I don't want any ties to a phone manufacturer or OS, honestly. I'll have my car a lot longer than I have my phone. Just give me decent sound and an charge/aux connection. The rest I can do on my phone with a mount.


> I'll have my car a lot longer than I have my phone

Doesn't that make CarPlay/Android Auto a good thing? Provided the car supports both platforms, it means you can change phones during your car's lifespan without having to worry about losing features, and you get new phones as your phone upgrades without having to change your car.

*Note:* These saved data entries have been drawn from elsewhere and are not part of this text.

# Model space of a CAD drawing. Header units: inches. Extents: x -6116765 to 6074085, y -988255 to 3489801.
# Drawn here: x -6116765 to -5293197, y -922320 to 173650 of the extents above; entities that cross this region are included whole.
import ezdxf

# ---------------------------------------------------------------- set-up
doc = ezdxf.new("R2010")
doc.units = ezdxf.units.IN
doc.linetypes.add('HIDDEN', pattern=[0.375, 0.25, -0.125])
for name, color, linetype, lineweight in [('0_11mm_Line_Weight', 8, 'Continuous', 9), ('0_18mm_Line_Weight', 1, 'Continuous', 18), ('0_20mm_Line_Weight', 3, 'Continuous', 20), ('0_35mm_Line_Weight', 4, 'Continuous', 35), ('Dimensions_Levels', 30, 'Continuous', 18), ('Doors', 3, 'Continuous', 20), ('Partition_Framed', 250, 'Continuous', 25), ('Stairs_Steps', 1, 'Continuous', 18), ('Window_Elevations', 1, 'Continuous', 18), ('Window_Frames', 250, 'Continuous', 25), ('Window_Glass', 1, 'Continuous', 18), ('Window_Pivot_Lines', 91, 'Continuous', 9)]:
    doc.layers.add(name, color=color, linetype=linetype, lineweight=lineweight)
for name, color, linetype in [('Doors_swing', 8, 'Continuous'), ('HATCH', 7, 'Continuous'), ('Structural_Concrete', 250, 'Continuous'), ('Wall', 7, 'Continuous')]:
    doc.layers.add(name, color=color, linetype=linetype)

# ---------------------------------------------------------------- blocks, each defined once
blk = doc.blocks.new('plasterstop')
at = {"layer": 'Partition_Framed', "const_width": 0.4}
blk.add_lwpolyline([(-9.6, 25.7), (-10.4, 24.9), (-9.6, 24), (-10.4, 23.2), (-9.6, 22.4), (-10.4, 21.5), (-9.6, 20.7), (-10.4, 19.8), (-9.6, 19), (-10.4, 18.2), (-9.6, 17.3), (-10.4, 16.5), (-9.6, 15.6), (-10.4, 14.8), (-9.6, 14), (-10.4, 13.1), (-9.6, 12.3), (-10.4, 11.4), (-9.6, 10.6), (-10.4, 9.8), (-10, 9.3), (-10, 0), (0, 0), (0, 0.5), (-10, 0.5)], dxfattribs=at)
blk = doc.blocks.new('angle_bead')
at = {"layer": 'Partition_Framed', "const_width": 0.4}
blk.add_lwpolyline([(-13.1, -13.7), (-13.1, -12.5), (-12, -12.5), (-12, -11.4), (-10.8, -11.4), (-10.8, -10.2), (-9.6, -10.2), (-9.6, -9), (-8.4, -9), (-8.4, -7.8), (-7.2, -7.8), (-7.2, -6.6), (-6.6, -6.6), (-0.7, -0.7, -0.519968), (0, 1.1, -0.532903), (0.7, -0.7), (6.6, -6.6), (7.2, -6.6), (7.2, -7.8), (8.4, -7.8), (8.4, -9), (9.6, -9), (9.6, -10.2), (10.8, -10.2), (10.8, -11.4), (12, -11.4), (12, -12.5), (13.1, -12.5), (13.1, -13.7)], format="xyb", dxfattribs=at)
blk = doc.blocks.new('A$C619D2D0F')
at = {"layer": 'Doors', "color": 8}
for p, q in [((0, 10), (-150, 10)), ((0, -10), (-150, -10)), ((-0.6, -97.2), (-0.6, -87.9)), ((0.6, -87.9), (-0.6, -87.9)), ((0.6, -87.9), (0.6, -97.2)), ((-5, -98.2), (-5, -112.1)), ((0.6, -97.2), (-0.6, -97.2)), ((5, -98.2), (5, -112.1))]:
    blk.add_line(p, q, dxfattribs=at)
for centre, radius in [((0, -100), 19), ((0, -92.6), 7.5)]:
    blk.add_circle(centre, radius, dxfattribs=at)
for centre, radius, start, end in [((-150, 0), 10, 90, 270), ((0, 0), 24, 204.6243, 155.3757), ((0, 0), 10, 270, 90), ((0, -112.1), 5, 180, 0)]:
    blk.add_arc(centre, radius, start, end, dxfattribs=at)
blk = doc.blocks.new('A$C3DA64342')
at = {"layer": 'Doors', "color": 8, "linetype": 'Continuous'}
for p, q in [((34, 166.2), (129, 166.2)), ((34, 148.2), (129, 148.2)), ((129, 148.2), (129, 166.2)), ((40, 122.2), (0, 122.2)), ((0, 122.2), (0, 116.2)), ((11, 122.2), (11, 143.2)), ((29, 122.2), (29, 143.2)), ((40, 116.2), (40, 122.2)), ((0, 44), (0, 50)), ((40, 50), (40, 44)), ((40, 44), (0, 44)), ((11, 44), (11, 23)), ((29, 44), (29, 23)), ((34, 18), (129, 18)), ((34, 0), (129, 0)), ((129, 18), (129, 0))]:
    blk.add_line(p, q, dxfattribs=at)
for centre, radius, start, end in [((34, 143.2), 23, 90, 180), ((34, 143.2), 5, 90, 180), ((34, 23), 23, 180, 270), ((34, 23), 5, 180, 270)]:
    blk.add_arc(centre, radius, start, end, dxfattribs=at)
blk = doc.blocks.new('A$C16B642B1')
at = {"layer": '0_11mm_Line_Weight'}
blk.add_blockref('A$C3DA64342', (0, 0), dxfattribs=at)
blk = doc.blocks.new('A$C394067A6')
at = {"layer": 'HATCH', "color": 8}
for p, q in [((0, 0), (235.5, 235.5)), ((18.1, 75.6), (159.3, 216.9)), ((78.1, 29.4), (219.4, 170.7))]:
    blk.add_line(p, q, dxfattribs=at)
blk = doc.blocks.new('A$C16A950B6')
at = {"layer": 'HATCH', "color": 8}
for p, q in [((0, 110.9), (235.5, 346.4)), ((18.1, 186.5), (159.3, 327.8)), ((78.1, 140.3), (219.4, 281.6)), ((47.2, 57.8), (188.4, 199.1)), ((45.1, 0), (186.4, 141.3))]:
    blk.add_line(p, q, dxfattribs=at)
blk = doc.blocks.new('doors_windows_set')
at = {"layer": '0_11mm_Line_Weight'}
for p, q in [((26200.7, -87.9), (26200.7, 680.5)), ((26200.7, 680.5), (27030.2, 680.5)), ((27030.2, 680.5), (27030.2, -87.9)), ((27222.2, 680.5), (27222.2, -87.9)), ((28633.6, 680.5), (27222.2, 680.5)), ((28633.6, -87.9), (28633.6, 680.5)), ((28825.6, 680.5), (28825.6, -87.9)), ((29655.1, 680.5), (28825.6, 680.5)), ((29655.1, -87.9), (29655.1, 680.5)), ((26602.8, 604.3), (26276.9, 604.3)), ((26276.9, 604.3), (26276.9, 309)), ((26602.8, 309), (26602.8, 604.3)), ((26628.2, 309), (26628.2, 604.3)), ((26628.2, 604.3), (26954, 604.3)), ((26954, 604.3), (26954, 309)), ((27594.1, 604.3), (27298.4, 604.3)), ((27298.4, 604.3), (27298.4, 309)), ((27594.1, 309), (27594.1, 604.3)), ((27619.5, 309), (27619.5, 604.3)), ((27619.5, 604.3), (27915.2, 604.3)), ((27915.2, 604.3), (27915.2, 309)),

I don't know, what if a third mobile OS is developed and gains traction (or is just one that I prefer) but it isn't supported by the car. What if future releases of iOS or Android are incompatible with a 10-year-old version of CarPlay or Android Auto?

I'd just prefer to minimize dependencies.


CarPlay and Android Auto were engineered from the start to be as agnostic to the car's hardware as possible. Your car's stereo is really just a dumb screen (i.e. just a display and input/output interface) with the phone doing most of the rendering + a few other things (i.e. providing some car instrumentation, like fuel remaining, if the manufacturer enables it) - the hardware requirements aren't really strict from a performance standpoint (minus CarPlay Ultra, and even then, that's just a tighter integration).


There aren't any. Just don't use carplay/android auto and you just have the manufacturer supplied interface.


That's true, as long as they give me an aux port.


Kind of a waste of the nice big screen built into the car, then. Are you just going to use it as a backup camera?


Not just push against connecting your own phone, but also charging you for the features your phone could already provide (for free or for a cost you're already paying as a phone user). GM with $10/month data plans, and Toyota (per the article) with $200/year plans to access navigation.


They might try. But nobody is going to pay for a sub par experience.

Some executives will get a big bonus for pushing this out, and later another for reverting back.

I won’t buy a car that does not have CarPlay. And I know many who are the same. My phone is a centerpiece of my life (gahh I hate saying that), my car however is not.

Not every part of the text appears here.